I can stream unprotected content fine. when I get to say. a recording of a HBO movie the only option I have is Watch on TV, the Watch on iPod is grayed out. Such is the same as content I push up from pyTivo which of course is protected because it's pushed, if I pull the same thing from my PC using the Tivo I can watch just fine on my iPod.

I run a unique IP subnet at home, I wonder if the Tivo system misidentifies my home network as out of home network possibility? The only thing is the iPod sets up streaming fine using that network which is a class C private. the only thing that's really different is that I use a less common address range (I don't use the common 192.168.1.x address range) .


----------



## moyekj (Jan 24, 2006)

When I 1st start the TiVo App on my iPad Air there is a little popup at top of screen that tells me if it is in "Away" mode.

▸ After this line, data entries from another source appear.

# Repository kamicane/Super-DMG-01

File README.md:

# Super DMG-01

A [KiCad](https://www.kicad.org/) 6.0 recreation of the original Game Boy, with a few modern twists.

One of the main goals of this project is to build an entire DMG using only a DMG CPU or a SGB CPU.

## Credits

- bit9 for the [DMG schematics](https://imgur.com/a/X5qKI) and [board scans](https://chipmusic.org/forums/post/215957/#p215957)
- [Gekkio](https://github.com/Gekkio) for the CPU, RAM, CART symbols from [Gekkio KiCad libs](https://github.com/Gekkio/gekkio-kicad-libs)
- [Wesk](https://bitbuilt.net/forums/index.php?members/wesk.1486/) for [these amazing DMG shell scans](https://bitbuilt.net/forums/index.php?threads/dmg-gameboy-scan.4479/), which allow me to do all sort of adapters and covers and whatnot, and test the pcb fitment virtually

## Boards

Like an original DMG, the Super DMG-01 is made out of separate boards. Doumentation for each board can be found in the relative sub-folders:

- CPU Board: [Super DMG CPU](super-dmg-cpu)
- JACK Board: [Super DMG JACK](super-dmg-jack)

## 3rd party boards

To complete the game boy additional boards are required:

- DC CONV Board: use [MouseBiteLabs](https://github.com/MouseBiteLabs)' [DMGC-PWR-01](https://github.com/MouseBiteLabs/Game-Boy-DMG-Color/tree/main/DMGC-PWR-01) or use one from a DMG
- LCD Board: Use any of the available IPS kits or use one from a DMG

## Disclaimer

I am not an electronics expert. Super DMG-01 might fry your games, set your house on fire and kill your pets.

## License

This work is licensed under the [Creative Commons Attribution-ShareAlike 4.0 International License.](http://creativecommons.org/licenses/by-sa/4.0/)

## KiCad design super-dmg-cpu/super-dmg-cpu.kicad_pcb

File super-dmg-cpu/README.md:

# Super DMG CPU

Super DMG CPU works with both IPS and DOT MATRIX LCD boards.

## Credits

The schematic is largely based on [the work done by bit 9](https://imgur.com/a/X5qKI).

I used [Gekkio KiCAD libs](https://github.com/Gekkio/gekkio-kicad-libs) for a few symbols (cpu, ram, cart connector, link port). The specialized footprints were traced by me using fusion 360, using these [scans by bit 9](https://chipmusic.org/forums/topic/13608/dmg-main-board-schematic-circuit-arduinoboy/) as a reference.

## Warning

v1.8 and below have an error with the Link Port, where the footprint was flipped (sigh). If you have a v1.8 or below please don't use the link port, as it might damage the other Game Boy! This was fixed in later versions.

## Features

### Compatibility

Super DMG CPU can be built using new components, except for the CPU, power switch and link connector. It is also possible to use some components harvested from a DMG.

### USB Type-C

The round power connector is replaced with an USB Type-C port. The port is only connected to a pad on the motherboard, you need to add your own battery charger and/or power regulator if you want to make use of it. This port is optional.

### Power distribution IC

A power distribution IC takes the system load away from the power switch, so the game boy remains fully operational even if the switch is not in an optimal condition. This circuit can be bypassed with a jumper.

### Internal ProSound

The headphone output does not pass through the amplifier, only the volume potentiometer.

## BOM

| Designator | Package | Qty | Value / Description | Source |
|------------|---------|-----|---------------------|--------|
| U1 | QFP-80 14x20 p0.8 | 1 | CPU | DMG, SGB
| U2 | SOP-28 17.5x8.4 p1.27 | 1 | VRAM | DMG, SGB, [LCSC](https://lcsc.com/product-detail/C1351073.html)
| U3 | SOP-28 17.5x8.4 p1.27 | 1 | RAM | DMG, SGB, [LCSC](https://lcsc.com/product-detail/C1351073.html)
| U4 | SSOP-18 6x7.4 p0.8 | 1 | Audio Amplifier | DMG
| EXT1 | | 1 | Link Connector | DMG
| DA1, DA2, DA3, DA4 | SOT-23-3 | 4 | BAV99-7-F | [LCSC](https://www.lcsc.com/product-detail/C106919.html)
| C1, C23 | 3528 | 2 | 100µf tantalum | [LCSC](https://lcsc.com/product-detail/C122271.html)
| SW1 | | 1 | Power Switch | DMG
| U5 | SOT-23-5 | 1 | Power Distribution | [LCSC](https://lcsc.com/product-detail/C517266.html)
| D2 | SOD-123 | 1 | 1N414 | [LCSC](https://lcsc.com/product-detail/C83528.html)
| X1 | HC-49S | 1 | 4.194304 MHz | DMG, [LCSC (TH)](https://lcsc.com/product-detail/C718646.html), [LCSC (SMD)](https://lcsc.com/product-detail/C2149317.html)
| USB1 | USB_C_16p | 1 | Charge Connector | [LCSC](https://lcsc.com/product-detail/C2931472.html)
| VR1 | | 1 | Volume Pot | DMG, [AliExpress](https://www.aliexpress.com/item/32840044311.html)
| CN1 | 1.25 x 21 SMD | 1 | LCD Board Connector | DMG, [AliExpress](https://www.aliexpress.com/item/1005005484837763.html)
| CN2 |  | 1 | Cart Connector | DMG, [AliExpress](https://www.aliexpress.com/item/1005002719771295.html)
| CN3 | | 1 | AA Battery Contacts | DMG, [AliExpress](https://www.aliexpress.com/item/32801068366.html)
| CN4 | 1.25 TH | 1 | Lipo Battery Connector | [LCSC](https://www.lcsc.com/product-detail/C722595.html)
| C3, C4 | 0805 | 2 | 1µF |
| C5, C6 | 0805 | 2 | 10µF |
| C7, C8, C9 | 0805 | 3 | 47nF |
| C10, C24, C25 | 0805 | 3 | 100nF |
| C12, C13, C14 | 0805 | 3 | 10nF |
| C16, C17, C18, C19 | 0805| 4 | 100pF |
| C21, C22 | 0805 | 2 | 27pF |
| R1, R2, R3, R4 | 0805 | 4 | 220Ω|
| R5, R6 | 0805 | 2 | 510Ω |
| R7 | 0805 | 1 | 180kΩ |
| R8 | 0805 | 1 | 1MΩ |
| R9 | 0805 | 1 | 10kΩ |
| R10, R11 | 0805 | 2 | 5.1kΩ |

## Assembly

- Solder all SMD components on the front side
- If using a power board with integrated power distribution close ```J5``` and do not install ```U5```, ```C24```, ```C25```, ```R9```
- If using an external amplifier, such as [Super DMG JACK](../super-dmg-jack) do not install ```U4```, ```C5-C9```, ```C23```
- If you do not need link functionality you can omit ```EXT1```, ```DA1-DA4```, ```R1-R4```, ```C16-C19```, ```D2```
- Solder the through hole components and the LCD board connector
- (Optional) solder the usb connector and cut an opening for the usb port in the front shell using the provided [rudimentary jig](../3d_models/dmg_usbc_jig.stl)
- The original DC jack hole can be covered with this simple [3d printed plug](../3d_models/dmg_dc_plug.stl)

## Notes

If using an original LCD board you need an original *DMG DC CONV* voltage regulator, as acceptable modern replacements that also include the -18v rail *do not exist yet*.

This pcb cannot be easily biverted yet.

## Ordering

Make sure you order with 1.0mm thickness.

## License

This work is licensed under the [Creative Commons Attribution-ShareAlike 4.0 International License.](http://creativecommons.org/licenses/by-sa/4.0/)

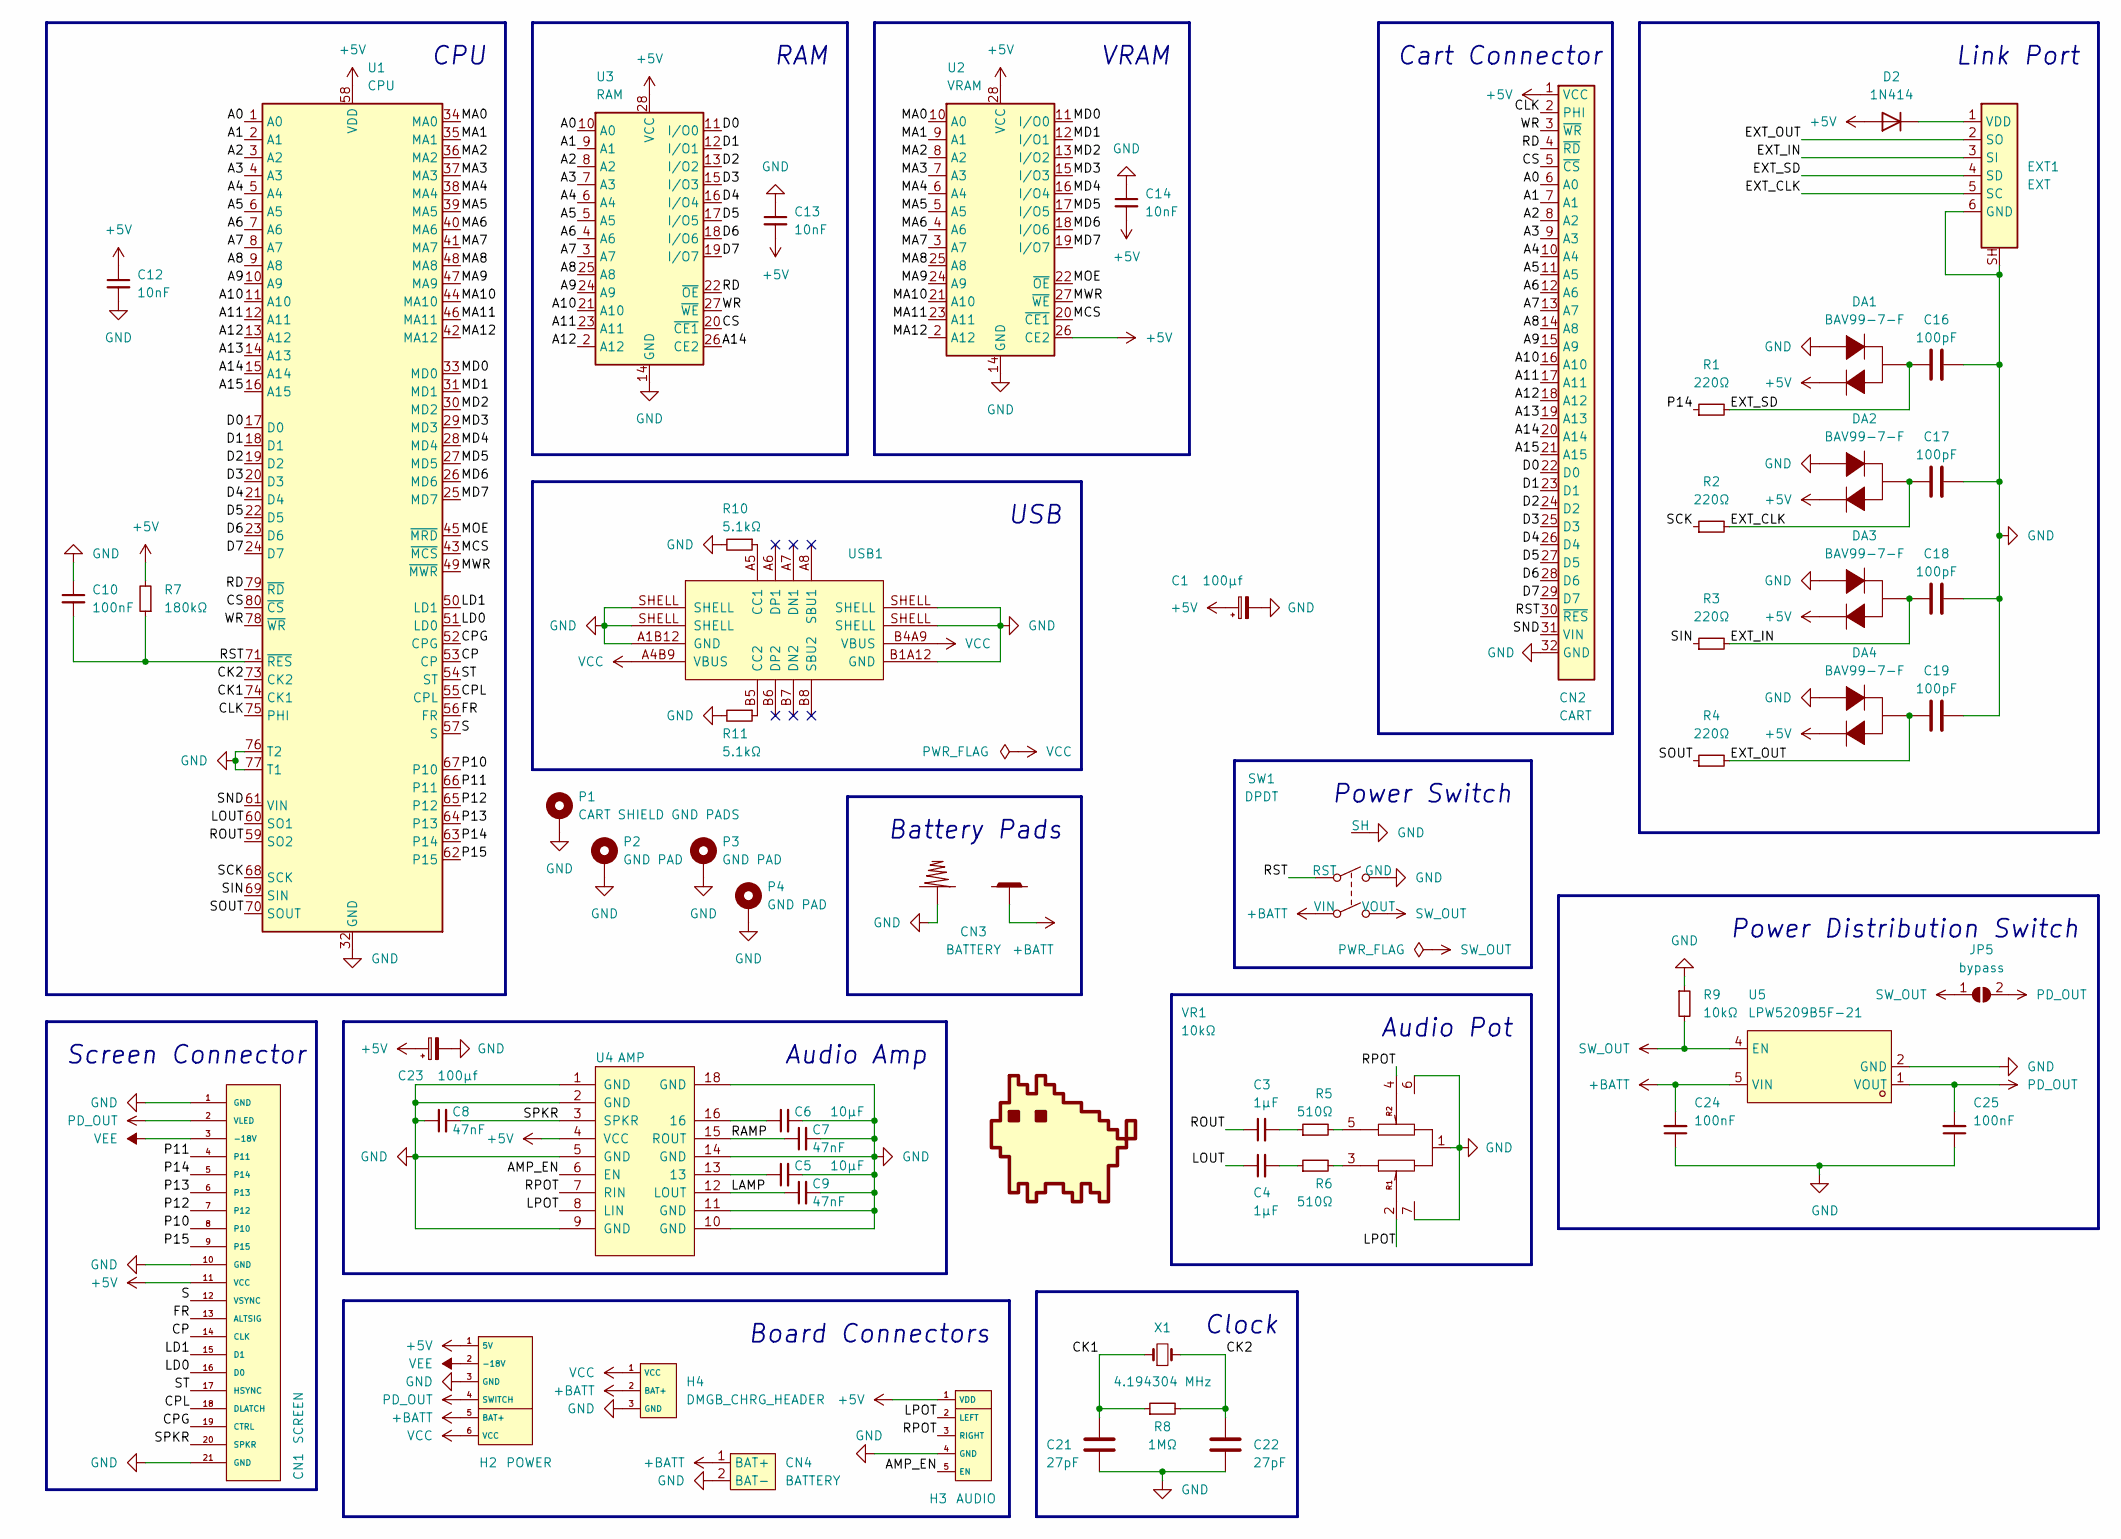
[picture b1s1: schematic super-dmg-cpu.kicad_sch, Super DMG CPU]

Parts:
C1, C23: 100µf; CP_EIA-3528-12_Kemet-T_Pad1.50x2.35mm_HandSolder; LCSC C122271
C3, C4: 1µF; C_0805_2012Metric_Pad1.18x1.45mm_HandSolder; LCSC C28323
C5, C6: 10µF; C_0805_2012Metric_Pad1.18x1.45mm_HandSolder; LCSC C15850
C7, C8, C9: 47nF; C_0805_2012Metric_Pad1.18x1.45mm_HandSolder; LCSC C53134
C10, C24, C25: 100nF; C_0805_2012Metric_Pad1.18x1.45mm_HandSolder; LCSC C49678
C12, C13, C14: 10nF; C_0805_2012Metric_Pad1.18x1.45mm_HandSolder; LCSC C1710
C16, C17, C18, C19: 100pF; C_0805_2012Metric_Pad1.18x1.45mm_HandSolder; LCSC C1790
C21, C22: 27pF; C_0805_2012Metric_Pad1.18x1.45mm_HandSolder; LCSC C527182
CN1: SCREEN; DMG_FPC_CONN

I'm sure there are other clues as well, so you should double-check that for sure.
(I don't use "standard" IP address range either at home so I'm sure that is not a problem).


----------



## moyekj (Jan 24, 2006)

Another way to tell if App is in LAN mode is if for My Shows entries if the "Watch Now" button has "Watch on TV" option. In WAN/OOH mode that option is not there.


----------



## Dan203 (Apr 17, 2000)

The easiest way to prevent this is when you're at home log out and use then the log in using MAK option. That MAK option will not work unless you're on your home network.


----------